Além dos espetáculos, o festival promove 16 ações formativas, com residências, vivências, oficinas, bate-papos e sessões de autógrafos de livros que privilegiam a escuta e a troca entre criadores e público, com o intuito de fomentar o pensamento crítico e a reflexão. Durante o período do Mirada - Festival Ibero-Americano de Artes Cênicas, o Sesc TV exibe filmes, documentários e séries relacionados ao universo do teatro, que também estão disponíveis no Sesc Digital. Acesse a programação completa em sescsp.org.br/mirada ou pelo aplicativo Mirada Festival Sesc SP.

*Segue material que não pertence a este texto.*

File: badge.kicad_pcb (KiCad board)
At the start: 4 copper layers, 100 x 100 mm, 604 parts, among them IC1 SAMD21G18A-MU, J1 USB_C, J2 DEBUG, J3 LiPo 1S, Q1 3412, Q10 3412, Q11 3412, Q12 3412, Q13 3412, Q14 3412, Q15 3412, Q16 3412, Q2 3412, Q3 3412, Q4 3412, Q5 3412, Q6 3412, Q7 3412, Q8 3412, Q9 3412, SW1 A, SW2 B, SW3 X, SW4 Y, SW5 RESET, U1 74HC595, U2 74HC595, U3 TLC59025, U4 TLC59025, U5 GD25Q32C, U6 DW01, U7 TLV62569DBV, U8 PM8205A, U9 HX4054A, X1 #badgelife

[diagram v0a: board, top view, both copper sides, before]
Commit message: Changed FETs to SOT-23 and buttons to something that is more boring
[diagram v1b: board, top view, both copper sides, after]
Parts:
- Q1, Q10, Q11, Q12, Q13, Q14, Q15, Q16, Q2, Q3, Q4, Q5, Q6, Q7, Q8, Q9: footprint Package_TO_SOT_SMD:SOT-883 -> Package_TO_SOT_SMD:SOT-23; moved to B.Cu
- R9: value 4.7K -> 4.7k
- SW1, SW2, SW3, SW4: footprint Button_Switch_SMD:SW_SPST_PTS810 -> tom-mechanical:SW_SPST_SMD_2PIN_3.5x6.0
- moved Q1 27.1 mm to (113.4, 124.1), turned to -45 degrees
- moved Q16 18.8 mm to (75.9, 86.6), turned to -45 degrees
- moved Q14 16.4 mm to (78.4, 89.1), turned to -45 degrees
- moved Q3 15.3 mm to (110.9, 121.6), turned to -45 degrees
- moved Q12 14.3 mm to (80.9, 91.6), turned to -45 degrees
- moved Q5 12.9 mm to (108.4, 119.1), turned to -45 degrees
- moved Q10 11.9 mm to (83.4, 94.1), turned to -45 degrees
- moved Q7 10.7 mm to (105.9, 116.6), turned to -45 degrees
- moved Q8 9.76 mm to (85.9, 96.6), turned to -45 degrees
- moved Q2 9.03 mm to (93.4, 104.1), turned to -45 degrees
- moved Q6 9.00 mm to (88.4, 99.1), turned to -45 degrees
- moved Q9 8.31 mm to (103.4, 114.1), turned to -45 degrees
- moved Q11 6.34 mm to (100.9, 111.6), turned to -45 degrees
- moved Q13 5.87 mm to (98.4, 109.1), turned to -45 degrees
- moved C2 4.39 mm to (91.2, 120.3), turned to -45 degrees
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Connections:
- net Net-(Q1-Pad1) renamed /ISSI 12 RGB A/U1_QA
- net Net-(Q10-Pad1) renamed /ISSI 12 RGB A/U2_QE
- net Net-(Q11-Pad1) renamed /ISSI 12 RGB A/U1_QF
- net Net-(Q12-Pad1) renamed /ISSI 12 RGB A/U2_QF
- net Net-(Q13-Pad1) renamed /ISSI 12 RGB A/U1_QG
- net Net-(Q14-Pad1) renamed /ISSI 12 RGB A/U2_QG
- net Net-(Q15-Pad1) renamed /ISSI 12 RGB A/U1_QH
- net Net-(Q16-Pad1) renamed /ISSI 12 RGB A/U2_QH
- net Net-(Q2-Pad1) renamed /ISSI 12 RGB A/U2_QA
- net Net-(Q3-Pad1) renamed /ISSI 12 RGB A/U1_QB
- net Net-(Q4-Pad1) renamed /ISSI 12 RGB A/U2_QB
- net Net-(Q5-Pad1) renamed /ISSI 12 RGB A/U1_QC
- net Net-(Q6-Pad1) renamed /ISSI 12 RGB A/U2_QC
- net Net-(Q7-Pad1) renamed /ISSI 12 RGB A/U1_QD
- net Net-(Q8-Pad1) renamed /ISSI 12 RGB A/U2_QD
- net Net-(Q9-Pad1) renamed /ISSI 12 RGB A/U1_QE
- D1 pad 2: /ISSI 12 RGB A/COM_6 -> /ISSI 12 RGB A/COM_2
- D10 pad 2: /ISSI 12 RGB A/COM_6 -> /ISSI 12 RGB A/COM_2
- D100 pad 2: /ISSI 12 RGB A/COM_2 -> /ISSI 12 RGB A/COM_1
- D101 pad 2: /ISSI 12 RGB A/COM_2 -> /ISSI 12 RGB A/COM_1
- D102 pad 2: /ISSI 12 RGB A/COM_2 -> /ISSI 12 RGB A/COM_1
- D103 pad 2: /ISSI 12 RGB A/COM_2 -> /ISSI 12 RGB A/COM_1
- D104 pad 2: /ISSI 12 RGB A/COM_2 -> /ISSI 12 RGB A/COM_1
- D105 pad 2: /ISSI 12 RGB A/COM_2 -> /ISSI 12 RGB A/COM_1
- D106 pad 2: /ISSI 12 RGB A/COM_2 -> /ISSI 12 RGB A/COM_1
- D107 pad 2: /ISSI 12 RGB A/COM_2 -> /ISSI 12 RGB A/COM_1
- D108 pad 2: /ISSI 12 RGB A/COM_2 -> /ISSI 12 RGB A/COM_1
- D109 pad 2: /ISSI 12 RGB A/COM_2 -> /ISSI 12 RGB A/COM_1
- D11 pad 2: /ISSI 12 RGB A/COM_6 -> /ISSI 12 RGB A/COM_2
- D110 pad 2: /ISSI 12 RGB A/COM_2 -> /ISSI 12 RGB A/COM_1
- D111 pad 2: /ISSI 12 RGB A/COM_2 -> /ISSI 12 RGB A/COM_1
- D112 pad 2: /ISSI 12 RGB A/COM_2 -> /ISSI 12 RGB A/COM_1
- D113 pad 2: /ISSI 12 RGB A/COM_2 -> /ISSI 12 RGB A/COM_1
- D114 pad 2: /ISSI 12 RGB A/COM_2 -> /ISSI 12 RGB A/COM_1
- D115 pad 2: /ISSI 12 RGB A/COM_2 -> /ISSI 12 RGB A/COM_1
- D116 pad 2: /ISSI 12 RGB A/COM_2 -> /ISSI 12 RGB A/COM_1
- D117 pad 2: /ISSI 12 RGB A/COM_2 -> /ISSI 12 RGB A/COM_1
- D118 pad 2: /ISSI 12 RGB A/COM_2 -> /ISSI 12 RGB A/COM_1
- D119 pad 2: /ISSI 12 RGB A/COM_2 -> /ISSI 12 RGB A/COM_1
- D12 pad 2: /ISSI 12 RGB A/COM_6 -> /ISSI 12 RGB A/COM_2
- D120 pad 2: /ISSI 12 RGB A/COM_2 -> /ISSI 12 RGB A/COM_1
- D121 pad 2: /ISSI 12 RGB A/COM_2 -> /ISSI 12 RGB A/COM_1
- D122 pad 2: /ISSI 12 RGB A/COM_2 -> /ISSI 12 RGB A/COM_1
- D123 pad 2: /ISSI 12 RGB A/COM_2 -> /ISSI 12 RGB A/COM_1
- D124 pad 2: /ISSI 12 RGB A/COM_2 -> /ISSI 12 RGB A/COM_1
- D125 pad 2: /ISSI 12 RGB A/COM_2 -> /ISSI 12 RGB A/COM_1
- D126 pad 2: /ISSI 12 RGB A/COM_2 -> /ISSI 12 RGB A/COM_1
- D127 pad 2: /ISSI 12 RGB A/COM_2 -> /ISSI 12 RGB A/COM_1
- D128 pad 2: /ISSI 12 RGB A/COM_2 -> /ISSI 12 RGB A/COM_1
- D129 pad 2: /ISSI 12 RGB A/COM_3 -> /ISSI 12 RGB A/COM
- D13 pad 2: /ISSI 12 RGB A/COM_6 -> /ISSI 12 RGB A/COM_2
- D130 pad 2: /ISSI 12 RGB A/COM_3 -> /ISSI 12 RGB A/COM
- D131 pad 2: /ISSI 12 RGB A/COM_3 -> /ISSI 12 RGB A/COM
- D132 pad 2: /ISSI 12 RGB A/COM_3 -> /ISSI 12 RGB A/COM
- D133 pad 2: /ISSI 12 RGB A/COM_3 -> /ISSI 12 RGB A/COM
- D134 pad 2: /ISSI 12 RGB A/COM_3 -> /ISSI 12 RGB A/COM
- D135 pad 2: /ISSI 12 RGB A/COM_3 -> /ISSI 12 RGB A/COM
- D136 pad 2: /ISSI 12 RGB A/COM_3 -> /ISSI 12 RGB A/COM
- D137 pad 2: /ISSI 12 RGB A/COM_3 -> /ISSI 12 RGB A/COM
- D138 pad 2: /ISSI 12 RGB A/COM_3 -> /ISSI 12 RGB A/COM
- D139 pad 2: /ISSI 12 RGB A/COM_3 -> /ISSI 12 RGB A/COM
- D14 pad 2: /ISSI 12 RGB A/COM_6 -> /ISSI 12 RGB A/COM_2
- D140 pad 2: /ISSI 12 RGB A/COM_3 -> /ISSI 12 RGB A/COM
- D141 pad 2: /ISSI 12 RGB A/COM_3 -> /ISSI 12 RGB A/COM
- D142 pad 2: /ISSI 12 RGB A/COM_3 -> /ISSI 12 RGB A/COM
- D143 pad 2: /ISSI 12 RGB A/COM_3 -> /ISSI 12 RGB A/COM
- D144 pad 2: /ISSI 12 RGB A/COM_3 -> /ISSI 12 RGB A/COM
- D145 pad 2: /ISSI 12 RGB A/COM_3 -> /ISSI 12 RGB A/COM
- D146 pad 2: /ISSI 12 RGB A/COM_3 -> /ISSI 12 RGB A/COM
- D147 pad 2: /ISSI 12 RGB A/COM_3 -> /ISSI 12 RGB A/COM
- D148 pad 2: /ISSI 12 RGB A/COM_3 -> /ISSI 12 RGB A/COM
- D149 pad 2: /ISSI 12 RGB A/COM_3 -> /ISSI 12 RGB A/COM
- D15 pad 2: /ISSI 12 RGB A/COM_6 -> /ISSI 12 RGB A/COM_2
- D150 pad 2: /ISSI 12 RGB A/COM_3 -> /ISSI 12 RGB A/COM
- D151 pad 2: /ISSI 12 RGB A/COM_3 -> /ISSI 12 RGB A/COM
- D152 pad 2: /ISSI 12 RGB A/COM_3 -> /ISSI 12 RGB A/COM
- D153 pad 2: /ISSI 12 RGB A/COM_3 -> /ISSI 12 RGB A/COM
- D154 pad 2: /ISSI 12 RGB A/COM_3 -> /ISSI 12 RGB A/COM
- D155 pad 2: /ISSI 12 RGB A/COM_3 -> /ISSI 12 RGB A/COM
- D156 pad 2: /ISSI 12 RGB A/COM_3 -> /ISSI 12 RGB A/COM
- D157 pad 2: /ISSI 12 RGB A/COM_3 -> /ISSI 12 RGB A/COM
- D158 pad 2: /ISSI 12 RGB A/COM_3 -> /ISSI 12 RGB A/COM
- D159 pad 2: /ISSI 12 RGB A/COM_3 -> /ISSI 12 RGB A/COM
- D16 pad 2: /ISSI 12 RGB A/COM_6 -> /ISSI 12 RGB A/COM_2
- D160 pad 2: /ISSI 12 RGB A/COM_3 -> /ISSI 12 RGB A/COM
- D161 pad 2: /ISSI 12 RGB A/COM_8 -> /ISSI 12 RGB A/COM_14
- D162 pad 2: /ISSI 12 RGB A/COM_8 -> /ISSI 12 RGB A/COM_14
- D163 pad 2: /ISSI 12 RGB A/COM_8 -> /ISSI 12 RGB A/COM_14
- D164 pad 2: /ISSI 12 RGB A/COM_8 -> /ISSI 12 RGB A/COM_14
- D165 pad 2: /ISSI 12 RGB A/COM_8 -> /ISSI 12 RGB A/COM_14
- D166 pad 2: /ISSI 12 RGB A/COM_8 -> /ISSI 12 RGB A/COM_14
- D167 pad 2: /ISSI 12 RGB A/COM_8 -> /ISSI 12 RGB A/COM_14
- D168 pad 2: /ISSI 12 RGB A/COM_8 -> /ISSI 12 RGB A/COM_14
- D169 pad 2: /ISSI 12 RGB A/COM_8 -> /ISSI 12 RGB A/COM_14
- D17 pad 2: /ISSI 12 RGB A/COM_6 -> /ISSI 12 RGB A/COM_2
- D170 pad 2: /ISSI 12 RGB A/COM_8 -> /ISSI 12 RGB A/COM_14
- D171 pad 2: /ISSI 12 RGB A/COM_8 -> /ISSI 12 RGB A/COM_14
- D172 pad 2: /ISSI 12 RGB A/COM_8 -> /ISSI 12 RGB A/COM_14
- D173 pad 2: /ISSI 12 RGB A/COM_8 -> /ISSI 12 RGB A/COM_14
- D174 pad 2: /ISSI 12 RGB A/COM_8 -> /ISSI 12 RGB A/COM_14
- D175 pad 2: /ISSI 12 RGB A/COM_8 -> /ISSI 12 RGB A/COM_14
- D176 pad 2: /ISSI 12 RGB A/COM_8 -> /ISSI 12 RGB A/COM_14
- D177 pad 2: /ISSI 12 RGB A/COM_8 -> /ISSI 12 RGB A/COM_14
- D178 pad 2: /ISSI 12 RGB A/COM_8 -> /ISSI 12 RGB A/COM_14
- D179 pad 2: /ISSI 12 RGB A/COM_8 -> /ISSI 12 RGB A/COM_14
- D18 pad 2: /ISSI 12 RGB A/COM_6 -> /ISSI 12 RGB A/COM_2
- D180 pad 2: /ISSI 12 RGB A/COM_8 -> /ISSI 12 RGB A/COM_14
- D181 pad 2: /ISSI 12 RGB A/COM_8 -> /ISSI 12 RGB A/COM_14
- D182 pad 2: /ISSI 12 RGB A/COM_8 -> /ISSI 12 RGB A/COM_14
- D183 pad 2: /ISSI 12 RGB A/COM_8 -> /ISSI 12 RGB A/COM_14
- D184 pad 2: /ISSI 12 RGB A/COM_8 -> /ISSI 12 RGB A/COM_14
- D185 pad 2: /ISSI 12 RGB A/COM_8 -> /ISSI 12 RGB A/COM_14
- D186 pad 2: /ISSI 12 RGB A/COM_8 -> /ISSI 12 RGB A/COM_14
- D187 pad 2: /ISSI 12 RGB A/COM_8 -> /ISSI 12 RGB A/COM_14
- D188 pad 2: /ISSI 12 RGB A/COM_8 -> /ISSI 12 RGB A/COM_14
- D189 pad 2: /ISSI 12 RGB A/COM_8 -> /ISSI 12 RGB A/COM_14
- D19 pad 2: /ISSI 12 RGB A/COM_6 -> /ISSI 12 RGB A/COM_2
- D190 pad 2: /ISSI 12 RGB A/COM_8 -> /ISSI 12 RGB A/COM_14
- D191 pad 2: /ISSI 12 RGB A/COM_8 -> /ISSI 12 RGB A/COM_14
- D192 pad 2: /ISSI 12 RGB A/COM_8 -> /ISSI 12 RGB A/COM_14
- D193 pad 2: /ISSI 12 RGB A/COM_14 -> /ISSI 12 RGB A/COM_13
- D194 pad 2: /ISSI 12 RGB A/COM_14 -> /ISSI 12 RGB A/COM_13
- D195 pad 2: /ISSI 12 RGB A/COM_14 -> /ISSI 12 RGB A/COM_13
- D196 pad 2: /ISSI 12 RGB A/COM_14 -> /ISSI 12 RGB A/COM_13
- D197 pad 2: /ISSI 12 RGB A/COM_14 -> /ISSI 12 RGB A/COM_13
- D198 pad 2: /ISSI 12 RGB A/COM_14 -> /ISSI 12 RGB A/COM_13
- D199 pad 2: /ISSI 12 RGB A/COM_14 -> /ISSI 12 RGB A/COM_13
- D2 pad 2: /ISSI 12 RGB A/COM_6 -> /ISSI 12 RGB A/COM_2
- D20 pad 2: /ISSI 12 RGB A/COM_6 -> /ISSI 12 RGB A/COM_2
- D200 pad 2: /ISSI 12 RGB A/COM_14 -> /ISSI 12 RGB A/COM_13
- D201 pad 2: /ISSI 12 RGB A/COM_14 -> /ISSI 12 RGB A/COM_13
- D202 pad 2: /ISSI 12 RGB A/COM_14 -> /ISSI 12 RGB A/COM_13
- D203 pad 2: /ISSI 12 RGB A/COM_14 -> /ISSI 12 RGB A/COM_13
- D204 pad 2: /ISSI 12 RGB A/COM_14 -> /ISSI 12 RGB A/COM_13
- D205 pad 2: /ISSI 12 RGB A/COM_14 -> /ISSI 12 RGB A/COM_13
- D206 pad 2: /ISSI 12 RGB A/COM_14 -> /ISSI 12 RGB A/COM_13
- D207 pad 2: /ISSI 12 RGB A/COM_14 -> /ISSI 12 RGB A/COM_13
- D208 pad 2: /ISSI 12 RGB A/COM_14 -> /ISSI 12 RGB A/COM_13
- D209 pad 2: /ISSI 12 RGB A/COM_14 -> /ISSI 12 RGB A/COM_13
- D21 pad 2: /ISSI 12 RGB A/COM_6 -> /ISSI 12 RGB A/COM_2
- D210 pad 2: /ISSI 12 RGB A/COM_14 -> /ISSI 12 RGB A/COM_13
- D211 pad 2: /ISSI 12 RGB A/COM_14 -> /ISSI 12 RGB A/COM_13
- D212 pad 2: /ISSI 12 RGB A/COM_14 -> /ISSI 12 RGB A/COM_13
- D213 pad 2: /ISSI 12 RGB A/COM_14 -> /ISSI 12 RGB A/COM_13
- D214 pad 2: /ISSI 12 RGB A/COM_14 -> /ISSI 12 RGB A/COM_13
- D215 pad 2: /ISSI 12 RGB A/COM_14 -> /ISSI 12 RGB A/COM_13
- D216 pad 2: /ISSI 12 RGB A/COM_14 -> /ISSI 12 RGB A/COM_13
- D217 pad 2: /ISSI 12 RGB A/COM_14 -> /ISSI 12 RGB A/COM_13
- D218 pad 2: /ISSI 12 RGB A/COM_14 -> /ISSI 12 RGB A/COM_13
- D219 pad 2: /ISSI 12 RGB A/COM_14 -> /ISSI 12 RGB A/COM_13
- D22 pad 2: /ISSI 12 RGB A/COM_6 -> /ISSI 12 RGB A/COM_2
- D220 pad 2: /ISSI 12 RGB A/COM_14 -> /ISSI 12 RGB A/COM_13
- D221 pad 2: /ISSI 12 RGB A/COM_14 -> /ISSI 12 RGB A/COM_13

Mirada - Festival Ibero-Americano de Artes Cênicas  
Criado em 2010 para evidenciar a diversidade de estéticas e as pesquisas nas artes cênicas dos países da América Latina e Península Ibérica, o Mirada chega à sua oitava edição reforçando as similaridades e pluralidades que se estabelecem entre a produção desses países em Santos e cidades vizinhas que carregam, além de beleza natural, a vocação de palco perfeito para evidenciar e proporcionar o intercâmbio entre os povos.


Sobre o Sesc
O Serviço Social do Comércio é uma entidade privada com finalidade pública, criada em 1946 por iniciativa do empresariado do setor de comércio de bens, serviços e turismo, e que tem como missão contribuir para a qualidade de vida dos trabalhadores dessas categorias, seus dependentes e da sociedade em geral. No estado de São Paulo, o Sesc conta com uma rede de 44 unidades, incluindo centros culturais e esportivos, bem como unidades especializadas. Oferece programações em diversas linguagens artísticas, atividades físico-esportivas e de turismo social, programas de saúde, educação para sustentabilidade, para a diversidade e para acessibilidade, alimentação, programas especiais para crianças, jovens e pessoas idosas, além do Sesc Mesa Brasil – programa institucional de combate à fome e ao desperdício de alimentos. O Sesc desenvolve, assim, uma ação de educação não formal permanente com o intuito de valorizar as pessoas ao estimular a autonomia, a convivência e o contato com expressões e modos diversos de pensar, agir e sentir.


Serviço
Mirada 2026 – Festival Ibero-Americano de Artes Cênicas
De 3 a 13 de setembro de 2026
Sesc Santos, espaços públicos e equipamentos culturais em Santos, Cubatão, Guarujá, Praia Grande e São Vicente.
Vendas de ingressos: a partir de 14 de agosto, às 15h00.
Programação e informações: sescsp.org.br/mirada e aplicativo Mirada Festival Sesc SP
Nas redes sociais pela hashtag #FestivalMirada 
Venda de ingressos a partir de 14 de agosto, às 15h, on-line pelo aplicativo Credencial Sesc SP e Central de Relacionamento Digital (centralrelacionamento.sescsp.org.br), ou presencialmente nas unidades do Sesc São Paulo.


Valores ingressos
Espetáculos adultos 
R$ 40,00 (inteira); R$ 20,00 (meia-entrada); R$ 10,00 (Credencial Plena)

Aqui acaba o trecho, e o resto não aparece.